Después de la ceremonia comencé a preguntarme con creciente frecuencia por qué había creído que tenía que casarme con ella. Evelin era bonita, sin duda, pero había infinidad de mujeres más atractivas, así que por el físico no había sido. Seguro que no. Creo que lo que más me atraía de ella era la dependencia que tenía de mí, y mi deseo —mi obsesión, diría incluso— por comprobar continuamente hasta dónde llegaba mi poder sobre ella. Había puesto su vida en mis manos. Tenía buenos o malos días en función de lo que yo decidía. Yo exclusivamente. Si una mañana me presentaba a desayunar en silencio y de mal humor, ella se convertía en un perrito faldero que no dejaba de gemir e implorar algo de atención. Se arrastraba tras de mí y me besaba los pies, esforzándose por no cometer ningún fallo y conseguir arrancarme una sonrisa o una palabra amable. A veces me apetecía darle lo que me suplicaba, y entonces me encontraba con una mujer dispuesta a lamerme la suela de los zapatos si yo se lo pedía, y todo para demostrarme su agradecimiento. Otras veces, en cambio, prefería tenerla en ascuas durante unos días, sin decirle lo que me pasaba, y me divertía horrores observando cómo reaccionaba ante mi actitud: se quedaba hecha una piltrafa; en las primeras veinticuatro horas podía verse cómo iba empeorando por minutos. Después ni siquiera era capaz de sostener un salero en las manos, tanto le temblaban, ni contestar el teléfono, porque se le quebraba la voz. Y al final acababa encerrándose en el baño y vomitando hasta la primera papilla.

¿Y yo?

Yo sabía que acabar con su desgracia no me costaría más esfuerzo que apretar un interruptor, y que tenía pleno poder para escoger el momento que me pareciera adecuado. Aquello me hacía sentir… ¿cómo explicarlo? Era como una adicción. Era un juego, un logro, una droga. No me cansaba de practicarlo.

Creo que por ese motivo me casé con ella. Es una de esas personas que nacen para ser víctimas, y que lo son durante toda su vida. En cierto modo —y debo admitir que esto me asusta un poco—, reconozco que yo dependo tanto de ella como ella de mí. No soportaría perderla.

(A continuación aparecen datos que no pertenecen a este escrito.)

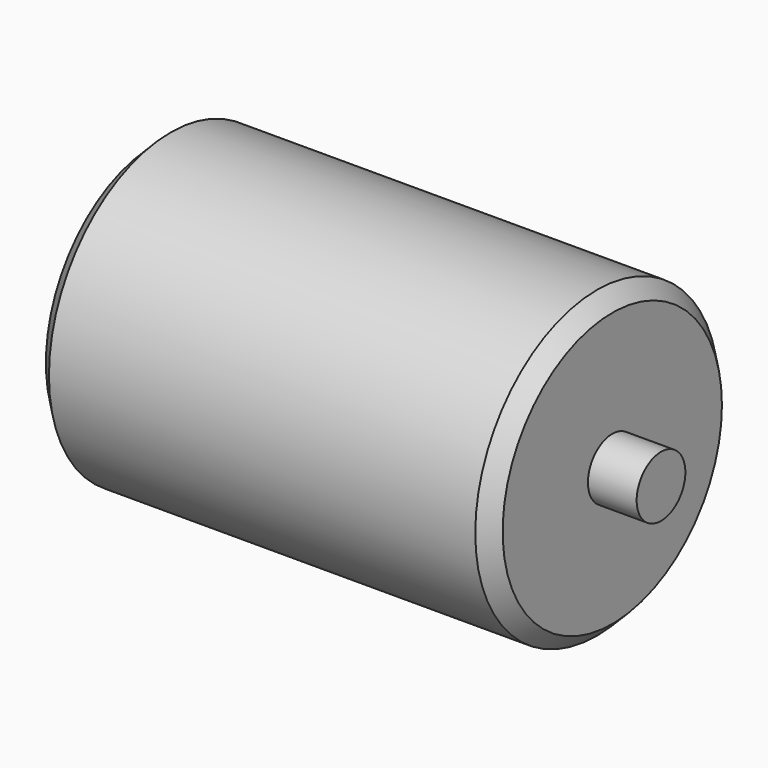
from build123d import *

# Parameters (mm, degrees)
F0_R     = 10
F1_DEPTH = 16
F0_R_2   = 50
F2_DEPTH = 150
F3_SIZE2 = 5
F3_SIZE  = 5
F4_SIZE2 = 5
F4_SIZE  = 5
F5_DEPTH = 166


with BuildPart() as f1:
    # F0 (on Right) → F1 (new body)
    with BuildSketch(Plane.YZ):
        Circle(F0_R)
    extrude(amount=F1_DEPTH)

    # F0 (on Right) → F5 (join)
    with BuildSketch(Plane.YZ):
        Circle(F0_R)
    extrude(amount=-F5_DEPTH)


with BuildPart() as f2:
    # F0 (on Right) → F2 (new body)
    with BuildSketch(Plane.YZ):
        Circle(F0_R_2)
        Circle(F0_R, mode=Mode.SUBTRACT)
    extrude(amount=-F2_DEPTH)

    # F3
    f3_edges = [f2.edges().sort_by_distance(p)[0] for p in [
        (0, -50, 0),
    ]]
    chamfer(f3_edges, length=F3_SIZE, length2=F3_SIZE2)

    # F4
    f4_edges = [f2.edges().sort_by_distance(p)[0] for p in [
        (-150, -50, 0),
    ]]
    chamfer(f4_edges, length=F4_SIZE, length2=F4_SIZE2)


solid = Compound([f1.part, f2.part])

La única faceta de nuestro matrimonio que me molestó desde el principio es su dependencia respecto al doctor Wilbert, su psicólogo. Después de casarnos le propuse que dejara de visitarlo, porque al fin y al cabo ya estaba casada con un psiquiatra, y hasta le regalé un perro, un precioso pastor alemán, para que tuviera a alguien de quien ocuparse y con quien pasar el tiempo y se olvidara así de su relación con Wilbert, pero fue en vano. Durante los últimos años, y dado que yo no dejaba de insistirle, lo intentó varias veces, pero al final siempre vuelve a visitarlo. Creo que durante un tiempo hasta lo hizo en secreto. No podía arriesgarme a proponerle que viniera a mi consulta, pues, según todas las reglas de la psiquiatría, eso sería un tremendo error, y, estando seguro de que Evelin se lo comentaría a Wilbert, no habría hecho más que provocar mi descrédito entre mis colegas. Y eso que la mayoría ya no me soporta. Es lógico, porque tengo un éxito aplastante, gano muchísimo dinero y mis pacientes dependen de mí como del aire que respiran. No me extraña que me envidien.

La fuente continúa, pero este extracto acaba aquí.